● Assignment:
Lift every line from the entries that includes the word "amount".

● Recorded data:
┌──

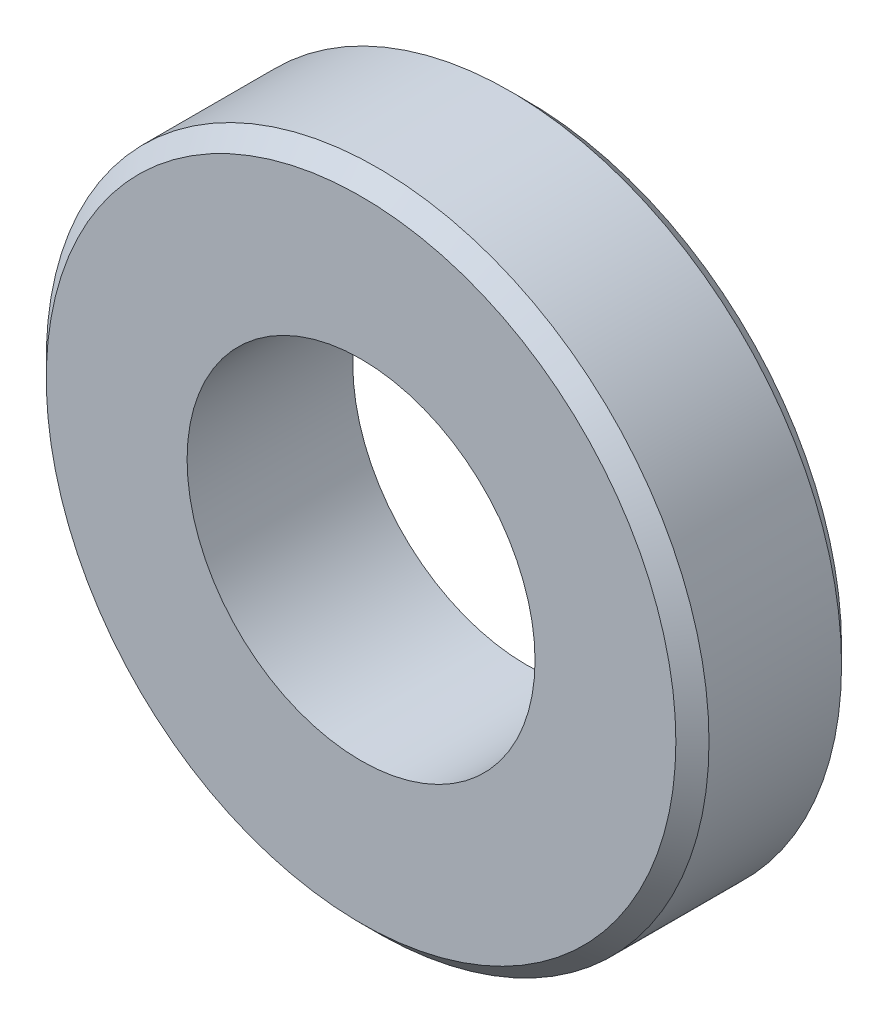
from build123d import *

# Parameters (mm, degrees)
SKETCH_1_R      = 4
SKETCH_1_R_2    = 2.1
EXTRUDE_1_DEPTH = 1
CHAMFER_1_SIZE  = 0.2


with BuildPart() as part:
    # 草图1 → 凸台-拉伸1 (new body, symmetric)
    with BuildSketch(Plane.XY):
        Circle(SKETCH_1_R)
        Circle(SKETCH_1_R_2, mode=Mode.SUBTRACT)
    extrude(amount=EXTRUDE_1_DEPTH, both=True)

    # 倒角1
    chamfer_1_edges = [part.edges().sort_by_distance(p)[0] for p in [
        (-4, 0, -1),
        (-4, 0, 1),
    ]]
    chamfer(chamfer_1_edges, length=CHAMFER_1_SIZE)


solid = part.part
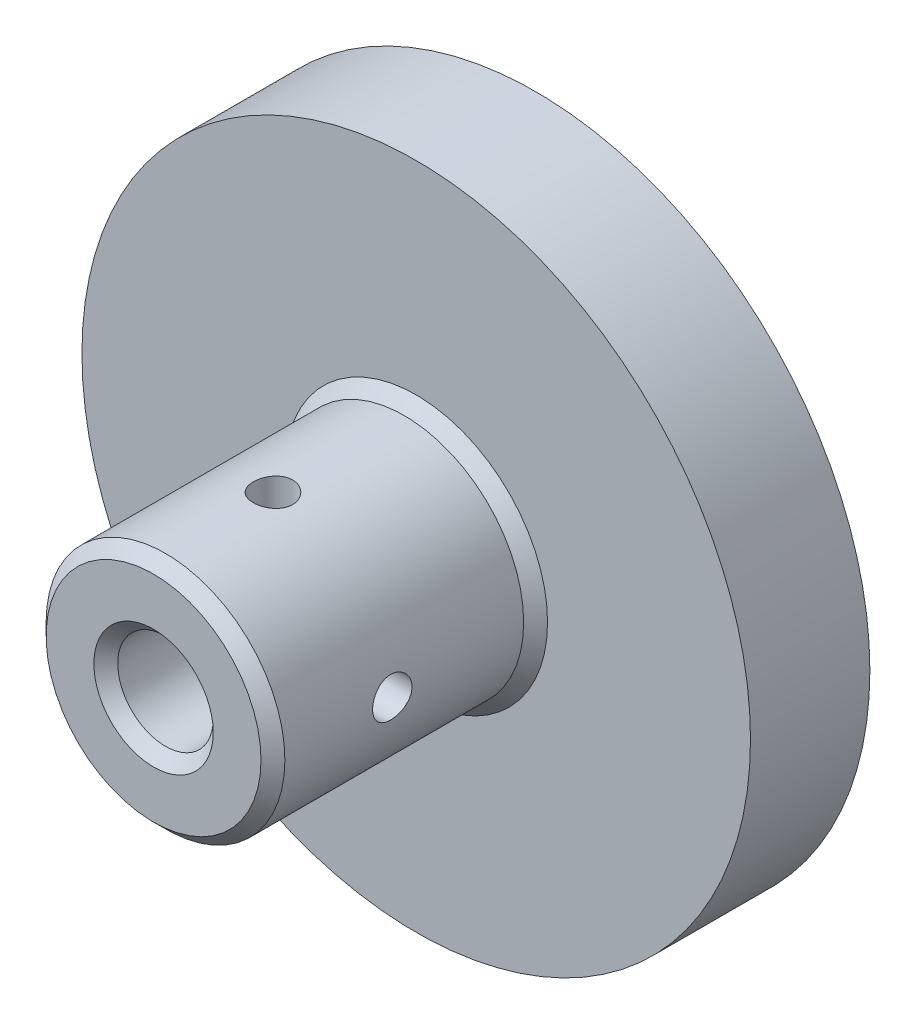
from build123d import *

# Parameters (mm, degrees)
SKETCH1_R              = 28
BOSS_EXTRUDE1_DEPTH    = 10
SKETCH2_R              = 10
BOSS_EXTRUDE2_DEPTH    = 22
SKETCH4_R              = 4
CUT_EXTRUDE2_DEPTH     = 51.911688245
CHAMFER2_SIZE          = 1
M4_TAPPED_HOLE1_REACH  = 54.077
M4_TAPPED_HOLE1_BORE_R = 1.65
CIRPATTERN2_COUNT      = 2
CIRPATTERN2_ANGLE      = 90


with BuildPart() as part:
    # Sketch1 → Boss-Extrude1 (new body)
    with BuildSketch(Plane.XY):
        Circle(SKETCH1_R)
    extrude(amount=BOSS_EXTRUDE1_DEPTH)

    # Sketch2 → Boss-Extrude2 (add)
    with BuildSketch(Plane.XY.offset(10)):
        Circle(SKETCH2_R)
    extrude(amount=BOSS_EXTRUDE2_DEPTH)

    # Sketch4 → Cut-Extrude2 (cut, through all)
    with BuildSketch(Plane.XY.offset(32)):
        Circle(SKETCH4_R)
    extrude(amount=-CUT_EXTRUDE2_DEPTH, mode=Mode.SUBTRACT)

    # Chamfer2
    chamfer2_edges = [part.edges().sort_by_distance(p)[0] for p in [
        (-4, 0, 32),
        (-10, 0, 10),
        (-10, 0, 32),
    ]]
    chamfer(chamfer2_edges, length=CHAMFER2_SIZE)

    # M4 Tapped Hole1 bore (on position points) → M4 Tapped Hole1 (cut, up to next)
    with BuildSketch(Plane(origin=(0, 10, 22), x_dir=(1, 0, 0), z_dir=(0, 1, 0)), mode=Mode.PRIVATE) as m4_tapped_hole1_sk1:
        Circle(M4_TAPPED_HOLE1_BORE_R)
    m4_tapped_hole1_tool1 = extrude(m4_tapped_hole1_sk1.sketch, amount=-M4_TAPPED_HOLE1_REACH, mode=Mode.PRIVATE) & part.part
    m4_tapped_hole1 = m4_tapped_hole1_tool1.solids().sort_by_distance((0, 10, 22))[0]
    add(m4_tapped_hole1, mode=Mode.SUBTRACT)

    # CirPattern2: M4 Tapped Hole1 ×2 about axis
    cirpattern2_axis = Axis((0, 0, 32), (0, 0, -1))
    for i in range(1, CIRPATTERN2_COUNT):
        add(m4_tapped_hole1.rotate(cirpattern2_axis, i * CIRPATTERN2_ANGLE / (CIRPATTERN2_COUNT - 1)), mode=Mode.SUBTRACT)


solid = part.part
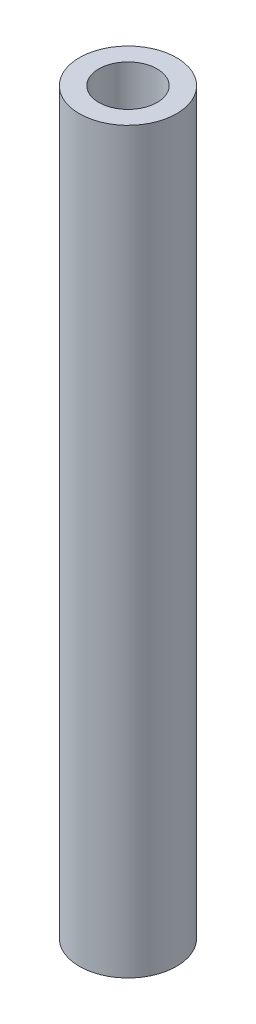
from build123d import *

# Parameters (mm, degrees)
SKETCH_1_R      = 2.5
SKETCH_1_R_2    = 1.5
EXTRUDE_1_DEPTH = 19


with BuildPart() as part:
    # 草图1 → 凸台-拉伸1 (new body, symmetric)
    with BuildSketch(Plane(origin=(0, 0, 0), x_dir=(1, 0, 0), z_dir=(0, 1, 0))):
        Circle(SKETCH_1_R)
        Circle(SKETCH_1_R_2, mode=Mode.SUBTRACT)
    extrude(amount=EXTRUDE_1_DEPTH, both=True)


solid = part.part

└──

● Output for this task:
    extrude(amount=EXTRUDE_1_DEPTH, both=True)
    extrude(amount=BOSS_EXTRUDE1_DEPTH)
    extrude(amount=BOSS_EXTRUDE2_DEPTH)
    extrude(amount=-CUT_EXTRUDE2_DEPTH, mode=Mode.SUBTRACT)
    m4_tapped_hole1_tool1 = extrude(m4_tapped_hole1_sk1.sketch, amount=-M4_TAPPED_HOLE1_REACH, mode=Mode.PRIVATE) & part.part
    extrude(amount=EXTRUDE_1_DEPTH, both=True)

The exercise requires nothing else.